Jeff Sandoval 95a76886c1
[OpenMP][MLIR] Fix GPU teams reduction buffer size for by-ref reductions (#185460)
The `ReductionDataSize` field in `KernelEnvironmentTy` and the
`MaxDataSize` used to compute the `reduce_data_size` argument to
`__kmpc_nvptx_teams_reduce_nowait_v2` were both computed using pointer
types for by-ref reductions instead of the actual element types.
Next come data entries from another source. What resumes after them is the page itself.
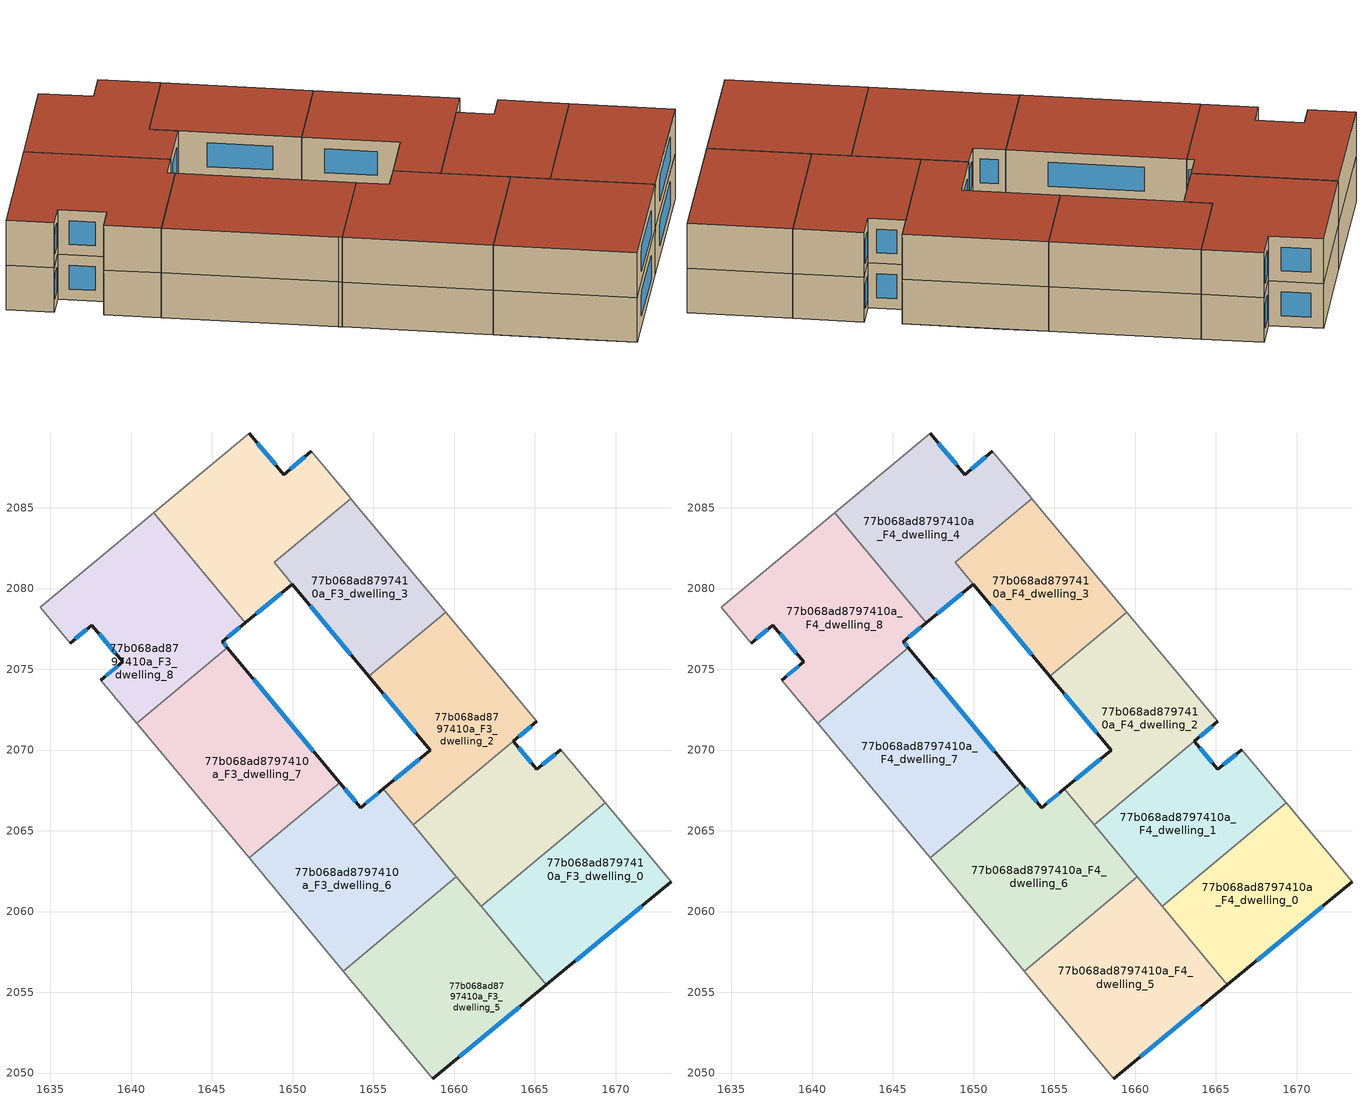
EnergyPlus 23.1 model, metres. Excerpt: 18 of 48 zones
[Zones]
77b068ad8797410a_F3_dwelling_0
 floor to 77b068ad8797410a_F2_dwelling_0 (EU_floor_Construction): 1669.34,2066.72 1673.42,2061.83 1669.35,2058.47 1663.99,2062.26 z9
 floor to 77b068ad8797410a_F2_dwelling_5 (EU_floor_Construction): 1669.35,2058.47 1665.71,2055.47 1662.12,2059.78 1663.7,2062.02 1663.99,2062.26 z9
 floor to 77b068ad8797410a_F2_dwelling_6 (EU_floor_Construction): 1663.7,2062.02 1662.12,2059.78 1661.67,2060.33 z9
 wall outside (EU_wall_Construction): 1665.71,2055.47 1673.42,2061.83 z9:12
 wall to 77b068ad8797410a_F3_dwelling_1 (EU_wall_Construction): 1669.34,2066.72 1661.67,2060.33 z9:12
 wall adiabatic (EU_wall_Construction): 1673.42,2061.83 1669.34,2066.72 z9:12
 wall to 77b068ad8797410a_F3_dwelling_5 (EU_wall_Construction): 1661.67,2060.33 1665.71,2055.47 z9:12
 window (EU_Window_Construction): 1667.52,2056.97 1671.61,2060.34 z9.7:11.3
77b068ad8797410a_F3_dwelling_1
 floor to 77b068ad8797410a_F2_dwelling_6 (EU_floor_Construction): 1663.91,2062.31 1663.7,2062.02 1661.67,2060.33 1658.84,2063.72 1659.86,2065.17 z9
 floor to 77b068ad8797410a_F2_dwelling_0 (EU_floor_Construction): 1666.59,2070.02 1669.34,2066.72 1663.99,2062.26 1661.66,2063.9 1665.12,2068.8 z9
 floor to 77b068ad8797410a_F2_dwelling_1 (EU_floor_Construction): 1663.66,2070.55 1665.12,2068.8 1661.66,2063.9 1658.42,2066.19 z9
 floor to 77b068ad8797410a_F2_dwelling_5 (EU_floor_Construction): 1663.99,2062.26 1663.7,2062.02 1663.91,2062.31 z9
 floor to 77b068ad8797410a_F2_dwelling_7 (EU_floor_Construction): 1659.86,2065.17 1658.84,2063.72 1657.46,2065.38 1658.42,2066.19 z9
 wall outside (EU_wall_Construction): 1666.59,2070.02 1665.12,2068.8 1663.66,2070.55 z9:12
 wall to 77b068ad8797410a_F3_dwelling_2 (EU_wall_Construction): 1663.66,2070.55 1657.46,2065.38 z9:12
 wall adiabatic (EU_wall_Construction): 1669.34,2066.72 1666.59,2070.02 z9:12
 wall to 77b068ad8797410a_F3_dwelling_6 (EU_wall_Construction): 1657.46,2065.38 1660.14,2062.16 z9:12
 wall to 77b068ad8797410a_F3_dwelling_5 (EU_wall_Construction): 1660.14,2062.16 1661.67,2060.33 z9:12
 window (EU_Window_Construction): 1664.78,2069.21 1664,2070.14 / 1666.25,2069.73 1665.47,2069.09 z9.7:11.3
77b068ad8797410a_F3_dwelling_2
 floor to 77b068ad8797410a_F2_dwelling_1 (EU_floor_Construction): 1661.26,2076.39 1665.13,2071.77 1663.66,2070.55 1658.42,2066.19 1655.99,2067.9 1658.53,2070 1657.57,2071.15 z9
 floor to 77b068ad8797410a_F2_dwelling_2 (EU_floor_Construction): 1659.48,2078.53 1661.26,2076.39 1657.57,2071.15 1654.73,2074.57 z9
 floor adiabatic (EU_floor_Construction): 1658.42,2066.19 1657.46,2065.38 1655.62,2067.59 1655.99,2067.9 z9
 wall outside (EU_wall_Construction): 1654.72,2074.57 1658.53,2070 1655.62,2067.59 / 1663.66,2070.55 1665.13,2071.77 z9:12
 wall to 77b068ad8797410a_F3_dwelling_3 (EU_wall_Construction): 1659.48,2078.53 1654.72,2074.57 z9:12
 wall adiabatic (EU_wall_Construction): 1665.13,2071.77 1659.48,2078.53 z9:12
 wall to 77b068ad8797410a_F3_dwelling_6 (EU_wall_Construction): 1655.62,2067.59 1657.45,2065.38 z9:12
 window (EU_Window_Construction): 1657.84,2069.43 1656.3,2068.16 / 1655.62,2073.49 1657.63,2071.07 / 1664,2070.84 1664.78,2071.48 z9.7:11.3
77b068ad8797410a_F3_dwelling_3
 floor adiabatic (EU_floor_Construction): 1653.6,2085.57 1659.48,2078.53 1654.72,2074.57 1648.85,2081.62 z9
 wall outside (EU_wall_Construction): 1649.98,2080.27 1654.72,2074.57 z9:12
 wall to 77b068ad8797410a_F3_dwelling_4 (EU_wall_Construction): 1653.6,2085.57 1648.85,2081.62 1649.97,2080.28 z9:12
 wall adiabatic (EU_wall_Construction): 1659.48,2078.53 1653.6,2085.57 z9:12
 window (EU_Window_Construction): 1651.09,2078.93 1653.61,2075.91 z9.7:11.3
77b068ad8797410a_F3_dwelling_4
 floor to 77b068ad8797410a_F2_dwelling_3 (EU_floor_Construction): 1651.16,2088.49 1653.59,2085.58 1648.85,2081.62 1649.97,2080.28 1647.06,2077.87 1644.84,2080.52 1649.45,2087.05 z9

This
caused the global teams reduction buffer to be undersized relative to
the offsets used by the copy/reduce callbacks, resulting in
out-of-bounds accesses faults at runtime.

For example, a by-ref reduction over `[4 x i32]` (16 bytes) would
allocate buffer slots based on `sizeof(ptr)` = 8 bytes, but the
generated callbacks would access 16 bytes per slot.

Fix both computation sites:

1. In MLIR's `getReductionDataSize()`, use
`DeclareReductionOp::getByrefElementType()` instead of `getType()` when
the reduction is by-ref, so the reduction buffer struct layout (and more
importantly its size) matches that emitted by the `OMPIRBuilder`.

2. In `OMPIRBuilder::createReductionsGPU()`, use
`ReductionInfo::ByRefElementType` instead of `ElementType` for by-ref
reductions when computing `MaxDataSize`. It seems that `MaxDataSize`
isn't actually used in the deviceRTL, but it's better to fix it to avoid
future propagation of this bug.

Finally, add CHECK lines to the existing array-descriptor reduction test
to verify both the kernel environment `ReductionDataSize` and the
`reduce_data_size` call argument reflect the actual element type size.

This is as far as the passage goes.